<<<<

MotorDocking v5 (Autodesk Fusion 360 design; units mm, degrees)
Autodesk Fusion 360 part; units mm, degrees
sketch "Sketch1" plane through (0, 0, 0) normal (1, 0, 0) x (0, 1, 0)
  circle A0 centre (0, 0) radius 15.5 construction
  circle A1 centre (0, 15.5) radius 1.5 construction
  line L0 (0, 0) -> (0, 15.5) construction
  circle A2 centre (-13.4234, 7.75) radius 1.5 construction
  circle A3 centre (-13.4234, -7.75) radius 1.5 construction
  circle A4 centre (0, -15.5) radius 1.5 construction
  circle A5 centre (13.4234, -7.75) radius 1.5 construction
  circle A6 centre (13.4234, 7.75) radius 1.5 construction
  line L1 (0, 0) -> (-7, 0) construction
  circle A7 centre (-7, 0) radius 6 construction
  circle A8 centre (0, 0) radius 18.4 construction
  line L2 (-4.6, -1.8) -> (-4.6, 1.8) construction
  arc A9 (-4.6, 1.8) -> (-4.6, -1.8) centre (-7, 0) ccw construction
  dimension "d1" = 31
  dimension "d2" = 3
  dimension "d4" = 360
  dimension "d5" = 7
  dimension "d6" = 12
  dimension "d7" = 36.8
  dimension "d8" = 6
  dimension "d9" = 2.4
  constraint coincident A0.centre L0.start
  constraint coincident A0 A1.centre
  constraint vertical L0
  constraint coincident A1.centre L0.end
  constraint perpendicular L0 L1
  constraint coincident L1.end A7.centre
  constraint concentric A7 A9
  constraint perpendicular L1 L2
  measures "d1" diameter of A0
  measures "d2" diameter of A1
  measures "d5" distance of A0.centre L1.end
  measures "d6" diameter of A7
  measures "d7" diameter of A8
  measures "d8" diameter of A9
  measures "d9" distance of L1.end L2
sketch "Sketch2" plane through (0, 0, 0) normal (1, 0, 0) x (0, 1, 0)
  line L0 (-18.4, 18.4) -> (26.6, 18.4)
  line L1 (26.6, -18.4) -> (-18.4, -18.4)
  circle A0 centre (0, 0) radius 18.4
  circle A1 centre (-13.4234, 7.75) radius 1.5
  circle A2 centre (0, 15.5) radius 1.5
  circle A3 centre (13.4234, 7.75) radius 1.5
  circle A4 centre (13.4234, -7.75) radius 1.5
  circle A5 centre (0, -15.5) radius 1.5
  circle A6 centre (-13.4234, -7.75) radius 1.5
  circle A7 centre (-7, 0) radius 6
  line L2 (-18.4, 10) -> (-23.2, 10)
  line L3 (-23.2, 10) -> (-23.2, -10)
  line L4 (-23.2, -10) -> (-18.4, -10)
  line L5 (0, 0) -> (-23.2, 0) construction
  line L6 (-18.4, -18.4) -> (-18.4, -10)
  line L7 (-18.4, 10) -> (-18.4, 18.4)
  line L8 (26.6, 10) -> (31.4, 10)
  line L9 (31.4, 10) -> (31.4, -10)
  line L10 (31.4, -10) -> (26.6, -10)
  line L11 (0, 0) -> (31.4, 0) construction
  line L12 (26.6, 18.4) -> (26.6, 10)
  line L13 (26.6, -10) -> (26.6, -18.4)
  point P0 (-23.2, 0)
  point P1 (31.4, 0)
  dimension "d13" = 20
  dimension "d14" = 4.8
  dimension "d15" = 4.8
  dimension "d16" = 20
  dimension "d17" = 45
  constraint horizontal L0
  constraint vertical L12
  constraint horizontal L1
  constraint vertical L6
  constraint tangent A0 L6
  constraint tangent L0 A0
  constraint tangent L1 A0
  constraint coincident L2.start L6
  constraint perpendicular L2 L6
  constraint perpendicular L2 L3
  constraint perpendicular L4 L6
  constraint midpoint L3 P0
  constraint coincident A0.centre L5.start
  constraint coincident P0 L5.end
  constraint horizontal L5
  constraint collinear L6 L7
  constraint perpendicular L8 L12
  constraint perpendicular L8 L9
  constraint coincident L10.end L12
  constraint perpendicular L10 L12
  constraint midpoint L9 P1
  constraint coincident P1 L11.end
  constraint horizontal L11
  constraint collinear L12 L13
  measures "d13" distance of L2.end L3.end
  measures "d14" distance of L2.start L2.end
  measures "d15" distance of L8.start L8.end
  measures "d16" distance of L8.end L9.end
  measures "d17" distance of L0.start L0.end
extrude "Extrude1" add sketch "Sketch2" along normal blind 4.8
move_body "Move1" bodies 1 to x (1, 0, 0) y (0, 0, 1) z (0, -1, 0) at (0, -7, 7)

>>>>

→ **WHAT THE TASK ASKS**: The lines from the one with "of L2.start L2.end" through the end of the data above are to be set down exactly, with both boundary lines included and no other lines.

→ **PROBLEM SOLUTION**:
  measures "d14" distance of L2.start L2.end
  measures "d15" distance of L8.start L8.end
  measures "d16" distance of L8.end L9.end
  measures "d17" distance of L0.start L0.end
extrude "Extrude1" add sketch "Sketch2" along normal blind 4.8
move_body "Move1" bodies 1 to x (1, 0, 0) y (0, 0, 1) z (0, -1, 0) at (0, -7, 7)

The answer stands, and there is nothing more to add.